**Problem statement**:
Using the listing below, report each line holding the string "amount".

########

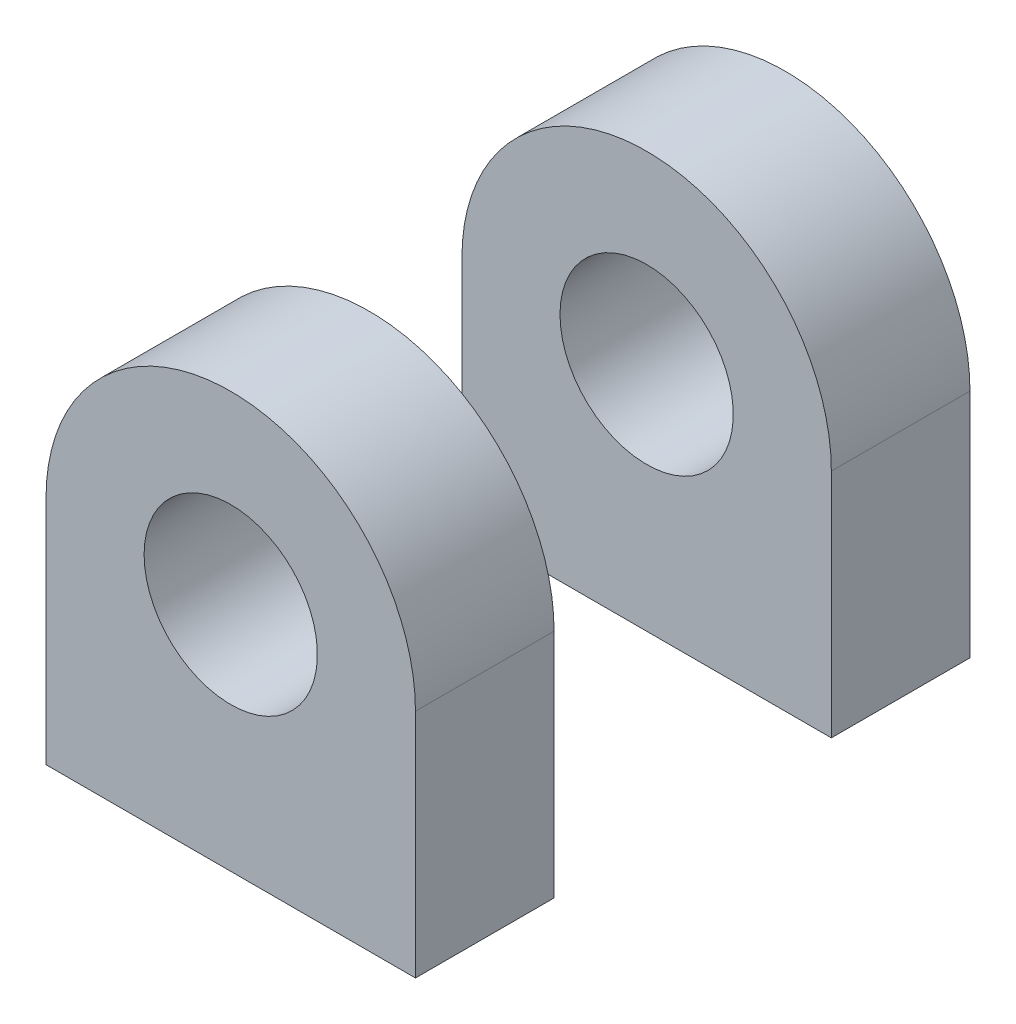
from build123d import *

# Parameters (mm, degrees)
SKETCH1_R           = 2.38125
BOSS_EXTRUDE1_DEPTH = 7.62
SKETCH2_W           = 7.62
SKETCH2_H           = 24.17124054
CUT_EXTRUDE1_DEPTH  = 25.4


with BuildPart() as part:
    # Sketch1 → Boss-Extrude1 (new, symmetric)
    with BuildSketch(Plane.XY):
        with BuildLine():
            ThreePointArc((0, 6.35), (5.076656873, 11.426656873), (10.153313745, 6.35))
            Line((10.153313745, 6.35), (10.153313745, 0))
            Line((10.153313745, 0), (0, 0))
            Line((0, 0), (0, 6.35))
        make_face()
        with Locations(Location((5.076656873, 6.35, 0), (0, 0, 180))):
            Circle(SKETCH1_R, mode=Mode.SUBTRACT)
    extrude(amount=BOSS_EXTRUDE1_DEPTH, both=True)

    # Sketch2 → Cut-Extrude1 (cut)
    with BuildSketch(Plane.ZY):
        with Locations((0, 12.08562027)):
            Rectangle(SKETCH2_W, SKETCH2_H)
    extrude(amount=-CUT_EXTRUDE1_DEPTH, mode=Mode.SUBTRACT)


with BuildPart() as cut_extrude1_piece_1:
    # of the separate pieces the step leaves, piece 1, a body of its own (cut_extrude1_pieces)
    add(part.part.solids().sort_by_distance((10.153313745, 6.35, -7.62))[0])


with BuildPart() as cut_extrude1_piece_2:
    # of the separate pieces the step leaves, piece 2, a body of its own (cut_extrude1_pieces)
    add(part.part.solids().sort_by_distance((10.153313745, 6.35, 3.81))[0])


solid = Compound([cut_extrude1_piece_1.part, cut_extrude1_piece_2.part])
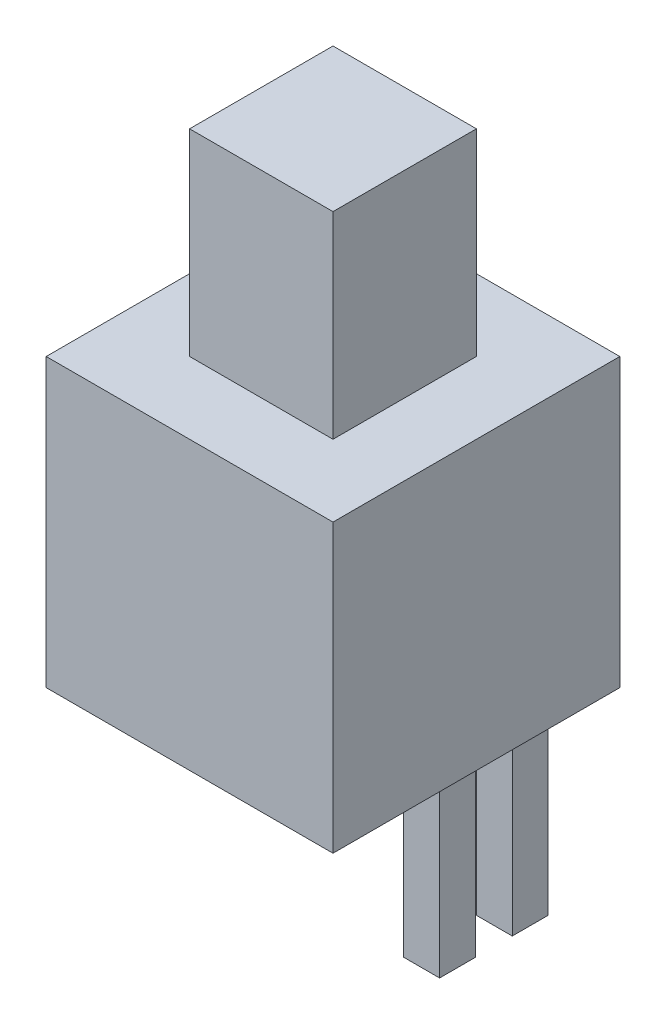
from build123d import *

# Parameters (mm, degrees)
SKETCH1_W           = 8
SKETCH1_H           = 8
BOSS_EXTRUDE1_DEPTH = 8
SKETCH2_W           = 4
SKETCH2_H           = 4
BOSS_EXTRUDE2_DEPTH = 5.5
SKETCH3_W           = 1
SKETCH3_H           = 1
BOSS_EXTRUDE3_DEPTH = 5.5


with BuildPart() as part:
    # Sketch1 → Boss-Extrude1 (new body)
    with BuildSketch(Plane(origin=(0, 0, 0), x_dir=(1, 0, 0), z_dir=(0, 1, 0))):
        Rectangle(SKETCH1_W, SKETCH1_H)
    extrude(amount=BOSS_EXTRUDE1_DEPTH)

    # Sketch2 → Boss-Extrude2 (add)
    with BuildSketch(Plane(origin=(0, 8, 0), x_dir=(1, 0, 0), z_dir=(0, 1, 0))):
        Rectangle(SKETCH2_W, SKETCH2_H)
    extrude(amount=BOSS_EXTRUDE2_DEPTH)

    # Sketch3 → Boss-Extrude3 (add)
    with BuildSketch(Plane.XZ):
        with Locations((2.5, -2.5)):
            Rectangle(SKETCH3_W, SKETCH3_H)
        with Locations((2.5, -0.47334968)):
            Rectangle(SKETCH3_W, SKETCH3_H)
    extrude(amount=BOSS_EXTRUDE3_DEPTH)


solid = part.part

########

**Solution to this problem**:
    extrude(amount=BOSS_EXTRUDE1_DEPTH, both=True)
    extrude(amount=-CUT_EXTRUDE1_DEPTH, mode=Mode.SUBTRACT)
    extrude(amount=BOSS_EXTRUDE1_DEPTH)
    extrude(amount=BOSS_EXTRUDE2_DEPTH)
    extrude(amount=BOSS_EXTRUDE3_DEPTH)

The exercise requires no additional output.